╭─ Information given

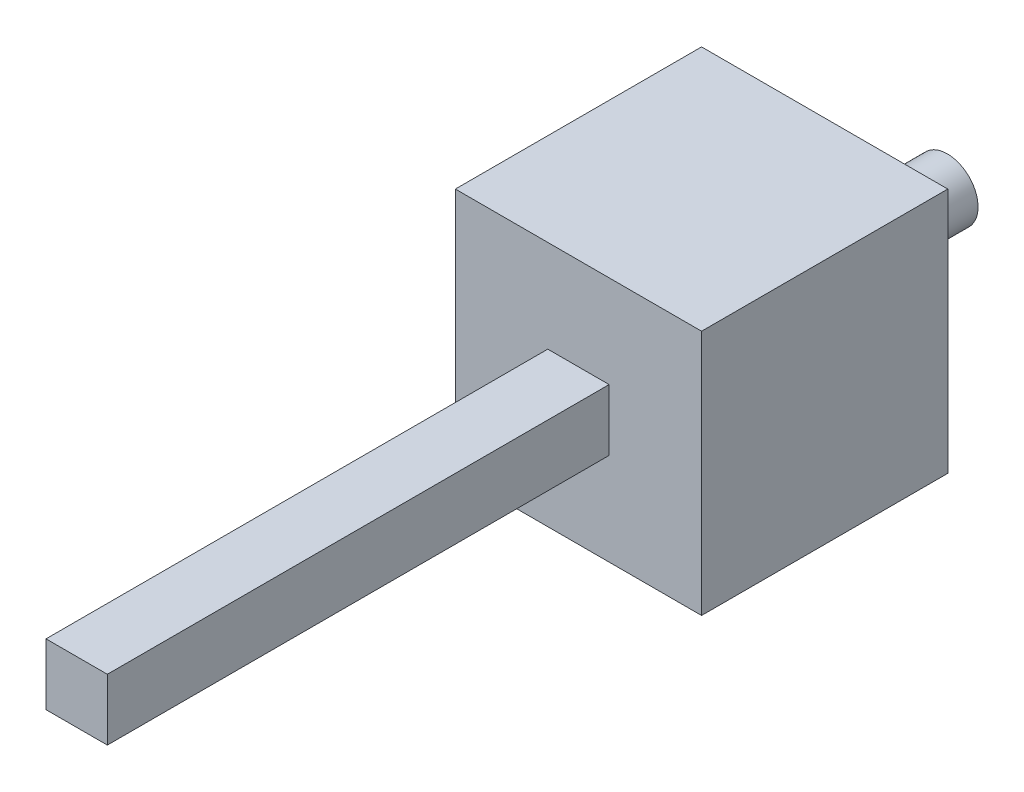
ISO-10303-21;
HEADER;
FILE_DESCRIPTION(('STEP AP214'),'2;1');
FILE_NAME('part.step','',(''),(''),'','','');
FILE_SCHEMA(('AUTOMOTIVE_DESIGN { 1 0 10303 214 1 1 1 1 }'));
ENDSEC;
DATA;
#1=APPLICATION_CONTEXT('core data for automotive mechanical design processes');
#2=APPLICATION_PROTOCOL_DEFINITION('international standard','automotive_design',2000,#1);
#3=PRODUCT_CONTEXT('',#1,'mechanical');
#4=PRODUCT('Part','Part','',(#3));
#5=PRODUCT_RELATED_PRODUCT_CATEGORY('part','',(#4));
#6=PRODUCT_DEFINITION_FORMATION('','',#4);
#7=PRODUCT_DEFINITION_CONTEXT('part definition',#1,'design');
#8=PRODUCT_DEFINITION('design','',#6,#7);
#9=PRODUCT_DEFINITION_SHAPE('','',#8);
#10=(LENGTH_UNIT() NAMED_UNIT(*) SI_UNIT(.MILLI.,.METRE.));
#11=(NAMED_UNIT(*) PLANE_ANGLE_UNIT() SI_UNIT($,.RADIAN.));
#12=(NAMED_UNIT(*) SI_UNIT($,.STERADIAN.) SOLID_ANGLE_UNIT());
#13=UNCERTAINTY_MEASURE_WITH_UNIT(LENGTH_MEASURE(1.E-05),#10,'distance_accuracy_value','');
#14=(GEOMETRIC_REPRESENTATION_CONTEXT(3) GLOBAL_UNCERTAINTY_ASSIGNED_CONTEXT((#13)) GLOBAL_UNIT_ASSIGNED_CONTEXT((#10,
#11,#12)) REPRESENTATION_CONTEXT('',''));
#15=CARTESIAN_POINT('',(0.,0.,0.));
#16=DIRECTION('',(0.,0.,1.));
#17=DIRECTION('',(1.,0.,0.));
#18=AXIS2_PLACEMENT_3D('',#15,#16,#17);
#19=CARTESIAN_POINT('',(-1.0033,-1.0033,2.0066));
#20=DIRECTION('',(1.,0.,0.));
#21=DIRECTION('',(0.,0.,-1.));
#22=AXIS2_PLACEMENT_3D('',#19,#20,#21);
#23=PLANE('',#22);
#24=DIRECTION('',(0.,-1.,0.));
#25=VECTOR('',#24,1.);
#26=CARTESIAN_POINT('',(-1.0033,-1.0033,0.));
#27=LINE('',#26,#25);
#28=CARTESIAN_POINT('',(-1.0033,1.0033,0.));
#29=VERTEX_POINT('',#28);
#30=CARTESIAN_POINT('',(-1.0033,-1.0033,0.));
#31=VERTEX_POINT('',#30);
#32=EDGE_CURVE('E158',#29,#31,#27,.T.);
#33=ORIENTED_EDGE('',*,*,#32,.T.);
#34=DIRECTION('',(0.,0.,-1.));
#35=VECTOR('',#34,1.);
#36=CARTESIAN_POINT('',(-1.0033,-1.0033,2.0066));
#37=LINE('',#36,#35);
#38=CARTESIAN_POINT('',(-1.0033,-1.0033,2.0066));
#39=VERTEX_POINT('',#38);
#40=EDGE_CURVE('E42',#39,#31,#37,.T.);
#41=ORIENTED_EDGE('',*,*,#40,.F.);
#42=DIRECTION('',(0.,-1.,0.));
#43=VECTOR('',#42,1.);
#44=CARTESIAN_POINT('',(-1.0033,-1.0033,2.0066));
#45=LINE('',#44,#43);
#46=CARTESIAN_POINT('',(-1.0033,1.0033,2.0066));
#47=VERTEX_POINT('',#46);
#48=EDGE_CURVE('E159',#47,#39,#45,.T.);
#49=ORIENTED_EDGE('',*,*,#48,.F.);
#50=DIRECTION('',(0.,0.,-1.));
#51=VECTOR('',#50,1.);
#52=CARTESIAN_POINT('',(-1.0033,1.0033,2.0066));
#53=LINE('',#52,#51);
#54=EDGE_CURVE('E173',#47,#29,#53,.T.);
#55=ORIENTED_EDGE('',*,*,#54,.T.);
#56=EDGE_LOOP('',(#33,#41,#49,#55));
#57=FACE_BOUND('',#56,.T.);
#58=ADVANCED_FACE('F39',(#57),#23,.F.);
#59=CARTESIAN_POINT('',(1.0033,-1.0033,2.0066));
#60=DIRECTION('',(0.,1.,0.));
#61=DIRECTION('',(-1.,0.,0.));
#62=AXIS2_PLACEMENT_3D('',#59,#60,#61);
#63=PLANE('',#62);
#64=DIRECTION('',(1.,0.,0.));
#65=VECTOR('',#64,1.);
#66=CARTESIAN_POINT('',(1.0033,-1.0033,0.));
#67=LINE('',#66,#65);
#68=CARTESIAN_POINT('',(1.0033,-1.0033,0.));
#69=VERTEX_POINT('',#68);
#70=EDGE_CURVE('E177',#31,#69,#67,.T.);
#71=ORIENTED_EDGE('',*,*,#70,.T.);
#72=DIRECTION('',(0.,0.,-1.));
#73=VECTOR('',#72,1.);
#74=CARTESIAN_POINT('',(1.0033,-1.0033,2.0066));
#75=LINE('',#74,#73);
#76=CARTESIAN_POINT('',(1.0033,-1.0033,2.0066));
#77=VERTEX_POINT('',#76);
#78=EDGE_CURVE('E191',#77,#69,#75,.T.);
#79=ORIENTED_EDGE('',*,*,#78,.F.);
#80=DIRECTION('',(1.,0.,0.));
#81=VECTOR('',#80,1.);
#82=CARTESIAN_POINT('',(1.0033,-1.0033,2.0066));
#83=LINE('',#82,#81);
#84=EDGE_CURVE('E163',#39,#77,#83,.T.);
#85=ORIENTED_EDGE('',*,*,#84,.F.);
#86=ORIENTED_EDGE('',*,*,#40,.T.);
#87=EDGE_LOOP('',(#71,#79,#85,#86));
#88=FACE_BOUND('',#87,.T.);
#89=ADVANCED_FACE('F202',(#88),#63,.F.);
#90=CARTESIAN_POINT('',(1.0033,-1.0033,2.0066));
#91=DIRECTION('',(-1.,0.,0.));
#92=DIRECTION('',(0.,0.,1.));
#93=AXIS2_PLACEMENT_3D('',#90,#91,#92);
#94=PLANE('',#93);
#95=DIRECTION('',(0.,1.,0.));
#96=VECTOR('',#95,1.);
#97=CARTESIAN_POINT('',(1.0033,-1.0033,0.));
#98=LINE('',#97,#96);
#99=CARTESIAN_POINT('',(1.0033,1.0033,0.));
#100=VERTEX_POINT('',#99);
#101=EDGE_CURVE('E180',#69,#100,#98,.T.);
#102=ORIENTED_EDGE('',*,*,#101,.T.);
#103=DIRECTION('',(0.,0.,-1.));
#104=VECTOR('',#103,1.);
#105=CARTESIAN_POINT('',(1.0033,1.0033,2.0066));
#106=LINE('',#105,#104);
#107=CARTESIAN_POINT('',(1.0033,1.0033,2.0066));
#108=VERTEX_POINT('',#107);
#109=EDGE_CURVE('E188',#108,#100,#106,.T.);
#110=ORIENTED_EDGE('',*,*,#109,.F.);
#111=DIRECTION('',(0.,1.,0.));
#112=VECTOR('',#111,1.);
#113=CARTESIAN_POINT('',(1.0033,-1.0033,2.0066));
#114=LINE('',#113,#112);
#115=EDGE_CURVE('E167',#77,#108,#114,.T.);
#116=ORIENTED_EDGE('',*,*,#115,.F.);
#117=ORIENTED_EDGE('',*,*,#78,.T.);
#118=EDGE_LOOP('',(#102,#110,#116,#117));
#119=FACE_BOUND('',#118,.T.);
#120=ADVANCED_FACE('F211',(#119),#94,.F.);
#121=CARTESIAN_POINT('',(1.0033,1.0033,2.0066));
#122=DIRECTION('',(0.,-1.,0.));
#123=DIRECTION('',(1.,0.,0.));
#124=AXIS2_PLACEMENT_3D('',#121,#122,#123);
#125=PLANE('',#124);
#126=DIRECTION('',(-1.,0.,0.));
#127=VECTOR('',#126,1.);
#128=CARTESIAN_POINT('',(1.0033,1.0033,0.));
#129=LINE('',#128,#127);
#130=EDGE_CURVE('E164',#100,#29,#129,.T.);
#131=ORIENTED_EDGE('',*,*,#130,.T.);
#132=ORIENTED_EDGE('',*,*,#54,.F.);
#133=DIRECTION('',(-1.,0.,0.));
#134=VECTOR('',#133,1.);
#135=CARTESIAN_POINT('',(1.0033,1.0033,2.0066));
#136=LINE('',#135,#134);
#137=EDGE_CURVE('E170',#108,#47,#136,.T.);
#138=ORIENTED_EDGE('',*,*,#137,.F.);
#139=ORIENTED_EDGE('',*,*,#109,.T.);
#140=EDGE_LOOP('',(#131,#132,#138,#139));
#141=FACE_BOUND('',#140,.T.);
#142=ADVANCED_FACE('F214',(#141),#125,.F.);
#143=CARTESIAN_POINT('',(0.,0.,2.0066));
#144=DIRECTION('',(0.,0.,1.));
#145=DIRECTION('',(1.,0.,0.));
#146=AXIS2_PLACEMENT_3D('',#143,#144,#145);
#147=PLANE('',#146);
#148=DIRECTION('',(-1.,0.,0.));
#149=VECTOR('',#148,1.);
#150=CARTESIAN_POINT('',(0.,0.25,2.0066));
#151=LINE('',#150,#149);
#152=CARTESIAN_POINT('',(0.25,0.25,2.0066));
#153=VERTEX_POINT('',#152);
#154=CARTESIAN_POINT('',(-0.25,0.25,2.0066));
#155=VERTEX_POINT('',#154);
#156=EDGE_CURVE('E155',#153,#155,#151,.T.);
#157=ORIENTED_EDGE('',*,*,#156,.F.);
#158=DIRECTION('',(0.,1.,0.));
#159=VECTOR('',#158,1.);
#160=CARTESIAN_POINT('',(0.25,0.,2.0066));
#161=LINE('',#160,#159);
#162=CARTESIAN_POINT('',(0.25,-0.25,2.0066));
#163=VERTEX_POINT('',#162);
#164=EDGE_CURVE('E109',#163,#153,#161,.T.);
#165=ORIENTED_EDGE('',*,*,#164,.F.);
#166=DIRECTION('',(1.,0.,0.));
#167=VECTOR('',#166,1.);
#168=CARTESIAN_POINT('',(0.,-0.25,2.0066));
#169=LINE('',#168,#167);
#170=CARTESIAN_POINT('',(-0.25,-0.25,2.0066));
#171=VERTEX_POINT('',#170);
#172=EDGE_CURVE('E60',#171,#163,#169,.T.);
#173=ORIENTED_EDGE('',*,*,#172,.F.);
#174=DIRECTION('',(0.,-1.,0.));
#175=VECTOR('',#174,1.);
#176=CARTESIAN_POINT('',(-0.25,0.,2.0066));
#177=LINE('',#176,#175);
#178=EDGE_CURVE('E55',#155,#171,#177,.T.);
#179=ORIENTED_EDGE('',*,*,#178,.F.);
#180=EDGE_LOOP('',(#157,#165,#173,#179));
#181=FACE_BOUND('',#180,.T.);
#182=ORIENTED_EDGE('',*,*,#48,.T.);
#183=ORIENTED_EDGE('',*,*,#84,.T.);
#184=ORIENTED_EDGE('',*,*,#115,.T.);
#185=ORIENTED_EDGE('',*,*,#137,.T.);
#186=EDGE_LOOP('',(#182,#183,#184,#185));
#187=FACE_BOUND('',#186,.T.);
#188=ADVANCED_FACE('F216',(#181,#187),#147,.T.);
#189=CARTESIAN_POINT('',(0.,0.,0.));
#190=DIRECTION('',(0.,0.,1.));
#191=DIRECTION('',(1.,0.,0.));
#192=AXIS2_PLACEMENT_3D('',#189,#190,#191);
#193=PLANE('',#192);
#194=CARTESIAN_POINT('',(0.,0.,0.));
#195=DIRECTION('',(0.,0.,-1.));
#196=DIRECTION('',(-1.,0.,0.));
#197=AXIS2_PLACEMENT_3D('',#194,#195,#196);
#198=CIRCLE('',#197,0.25);
#199=CARTESIAN_POINT('',(-0.25,0.,0.));
#200=VERTEX_POINT('',#199);
#201=EDGE_CURVE('E11',#200,#200,#198,.T.);
#202=ORIENTED_EDGE('',*,*,#201,.F.);
#203=EDGE_LOOP('',(#202));
#204=FACE_BOUND('',#203,.T.);
#205=ORIENTED_EDGE('',*,*,#32,.F.);
#206=ORIENTED_EDGE('',*,*,#130,.F.);
#207=ORIENTED_EDGE('',*,*,#101,.F.);
#208=ORIENTED_EDGE('',*,*,#70,.F.);
#209=EDGE_LOOP('',(#205,#206,#207,#208));
#210=FACE_BOUND('',#209,.T.);
#211=ADVANCED_FACE('F209',(#204,#210),#193,.F.);
#212=CARTESIAN_POINT('',(-0.25,0.25,6.096));
#213=DIRECTION('',(0.,1.,0.));
#214=DIRECTION('',(-1.,0.,0.));
#215=AXIS2_PLACEMENT_3D('',#212,#213,#214);
#216=PLANE('',#215);
#217=DIRECTION('',(0.,0.,-1.));
#218=VECTOR('',#217,1.);
#219=CARTESIAN_POINT('',(0.25,0.25,6.096));
#220=LINE('',#219,#218);
#221=CARTESIAN_POINT('',(0.25,0.25,6.096));
#222=VERTEX_POINT('',#221);
#223=EDGE_CURVE('E104',#222,#153,#220,.T.);
#224=ORIENTED_EDGE('',*,*,#223,.T.);
#225=ORIENTED_EDGE('',*,*,#156,.T.);
#226=DIRECTION('',(0.,0.,-1.));
#227=VECTOR('',#226,1.);
#228=CARTESIAN_POINT('',(-0.25,0.25,6.096));
#229=LINE('',#228,#227);
#230=CARTESIAN_POINT('',(-0.25,0.25,6.096));
#231=VERTEX_POINT('',#230);
#232=EDGE_CURVE('E129',#231,#155,#229,.T.);
#233=ORIENTED_EDGE('',*,*,#232,.F.);
#234=DIRECTION('',(1.,0.,0.));
#235=VECTOR('',#234,1.);
#236=CARTESIAN_POINT('',(-0.25,0.25,6.096));
#237=LINE('',#236,#235);
#238=EDGE_CURVE('E121',#231,#222,#237,.T.);
#239=ORIENTED_EDGE('',*,*,#238,.T.);
#240=EDGE_LOOP('',(#224,#225,#233,#239));
#241=FACE_BOUND('',#240,.T.);
#242=ADVANCED_FACE('F127',(#241),#216,.T.);
#243=CARTESIAN_POINT('',(-0.25,-0.25,6.096));
#244=DIRECTION('',(-1.,0.,0.));
#245=DIRECTION('',(0.,-1.,0.));
#246=AXIS2_PLACEMENT_3D('',#243,#244,#245);
#247=PLANE('',#246);
#248=ORIENTED_EDGE('',*,*,#232,.T.);
#249=ORIENTED_EDGE('',*,*,#178,.T.);
#250=DIRECTION('',(0.,0.,-1.));
#251=VECTOR('',#250,1.);
#252=CARTESIAN_POINT('',(-0.25,-0.25,6.096));
#253=LINE('',#252,#251);
#254=CARTESIAN_POINT('',(-0.25,-0.25,6.096));
#255=VERTEX_POINT('',#254);
#256=EDGE_CURVE('E143',#255,#171,#253,.T.);
#257=ORIENTED_EDGE('',*,*,#256,.F.);
#258=DIRECTION('',(0.,1.,0.));
#259=VECTOR('',#258,1.);
#260=CARTESIAN_POINT('',(-0.25,-0.25,6.096));
#261=LINE('',#260,#259);
#262=EDGE_CURVE('E114',#255,#231,#261,.T.);
#263=ORIENTED_EDGE('',*,*,#262,.T.);
#264=EDGE_LOOP('',(#248,#249,#257,#263));
#265=FACE_BOUND('',#264,.T.);
#266=ADVANCED_FACE('F255',(#265),#247,.T.);
#267=CARTESIAN_POINT('',(0.25,-0.25,6.096));
#268=DIRECTION('',(0.,-1.,0.));
#269=DIRECTION('',(1.,0.,0.));
#270=AXIS2_PLACEMENT_3D('',#267,#268,#269);
#271=PLANE('',#270);
#272=ORIENTED_EDGE('',*,*,#256,.T.);
#273=ORIENTED_EDGE('',*,*,#172,.T.);
#274=DIRECTION('',(0.,0.,-1.));
#275=VECTOR('',#274,1.);
#276=CARTESIAN_POINT('',(0.25,-0.25,6.096));
#277=LINE('',#276,#275);
#278=CARTESIAN_POINT('',(0.25,-0.25,6.096));
#279=VERTEX_POINT('',#278);
#280=EDGE_CURVE('E113',#279,#163,#277,.T.);
#281=ORIENTED_EDGE('',*,*,#280,.F.);
#282=DIRECTION('',(-1.,0.,0.));
#283=VECTOR('',#282,1.);
#284=CARTESIAN_POINT('',(0.25,-0.25,6.096));
#285=LINE('',#284,#283);
#286=EDGE_CURVE('E124',#279,#255,#285,.T.);
#287=ORIENTED_EDGE('',*,*,#286,.T.);
#288=EDGE_LOOP('',(#272,#273,#281,#287));
#289=FACE_BOUND('',#288,.T.);
#290=ADVANCED_FACE('F263',(#289),#271,.T.);
#291=CARTESIAN_POINT('',(0.25,0.25,6.096));
#292=DIRECTION('',(1.,0.,0.));
#293=DIRECTION('',(0.,1.,0.));
#294=AXIS2_PLACEMENT_3D('',#291,#292,#293);
#295=PLANE('',#294);
#296=ORIENTED_EDGE('',*,*,#280,.T.);
#297=ORIENTED_EDGE('',*,*,#164,.T.);
#298=ORIENTED_EDGE('',*,*,#223,.F.);
#299=DIRECTION('',(0.,-1.,0.));
#300=VECTOR('',#299,1.);
#301=CARTESIAN_POINT('',(0.25,0.25,6.096));
#302=LINE('',#301,#300);
#303=EDGE_CURVE('E108',#222,#279,#302,.T.);
#304=ORIENTED_EDGE('',*,*,#303,.T.);
#305=EDGE_LOOP('',(#296,#297,#298,#304));
#306=FACE_BOUND('',#305,.T.);
#307=ADVANCED_FACE('F107',(#306),#295,.T.);
#308=CARTESIAN_POINT('',(0.,0.,6.096));
#309=DIRECTION('',(0.,0.,-1.));
#310=DIRECTION('',(-1.,0.,0.));
#311=AXIS2_PLACEMENT_3D('',#308,#309,#310);
#312=PLANE('',#311);
#313=ORIENTED_EDGE('',*,*,#238,.F.);
#314=ORIENTED_EDGE('',*,*,#262,.F.);
#315=ORIENTED_EDGE('',*,*,#286,.F.);
#316=ORIENTED_EDGE('',*,*,#303,.F.);
#317=EDGE_LOOP('',(#313,#314,#315,#316));
#318=FACE_BOUND('',#317,.T.);
#319=ADVANCED_FACE('F119',(#318),#312,.F.);
#320=CARTESIAN_POINT('',(0.,0.,-1.));
#321=DIRECTION('',(0.,0.,1.));
#322=DIRECTION('',(1.,0.,0.));
#323=AXIS2_PLACEMENT_3D('',#320,#321,#322);
#324=CYLINDRICAL_SURFACE('',#323,0.25);
#325=CARTESIAN_POINT('',(0.,0.,-1.));
#326=DIRECTION('',(0.,0.,-1.));
#327=DIRECTION('',(-1.,0.,0.));
#328=AXIS2_PLACEMENT_3D('',#325,#326,#327);
#329=CIRCLE('',#328,0.25);
#330=CARTESIAN_POINT('',(-0.25,0.,-1.));
#331=VERTEX_POINT('',#330);
#332=EDGE_CURVE('E131',#331,#331,#329,.T.);
#333=ORIENTED_EDGE('',*,*,#332,.F.);
#334=EDGE_LOOP('',(#333));
#335=FACE_BOUND('',#334,.T.);
#336=ORIENTED_EDGE('',*,*,#201,.T.);
#337=EDGE_LOOP('',(#336));
#338=FACE_BOUND('',#337,.T.);
#339=ADVANCED_FACE('F290',(#335,#338),#324,.T.);
#340=CARTESIAN_POINT('',(0.,0.,-1.));
#341=DIRECTION('',(0.,0.,-1.));
#342=DIRECTION('',(-1.,0.,0.));
#343=AXIS2_PLACEMENT_3D('',#340,#341,#342);
#344=PLANE('',#343);
#345=ORIENTED_EDGE('',*,*,#332,.T.);
#346=EDGE_LOOP('',(#345));
#347=FACE_BOUND('',#346,.T.);
#348=ADVANCED_FACE('F304',(#347),#344,.T.);
#349=CLOSED_SHELL('',(#58,#89,#120,#142,#188,#211,#242,#266,#290,#307,#319,#339,#348));
#350=MANIFOLD_SOLID_BREP('B2',#349);
#351=ADVANCED_BREP_SHAPE_REPRESENTATION('',(#18,#350),#14);
#352=SHAPE_DEFINITION_REPRESENTATION(#9,#351);
ENDSEC;
END-ISO-10303-21;

╰─

▶ _Activity_: Only the lines from the start of the records above through the line containing "#1=APPLICATION_CONTEXT('core data for" should be returned, exactly and with both ends, please; the pictures stay out.

▶ _Output for this exercise_:
ISO-10303-21;
HEADER;
FILE_DESCRIPTION(('STEP AP214'),'2;1');
FILE_NAME('part.step','',(''),(''),'','','');
FILE_SCHEMA(('AUTOMOTIVE_DESIGN { 1 0 10303 214 1 1 1 1 }'));
ENDSEC;
DATA;
#1=APPLICATION_CONTEXT('core data for automotive mechanical design processes');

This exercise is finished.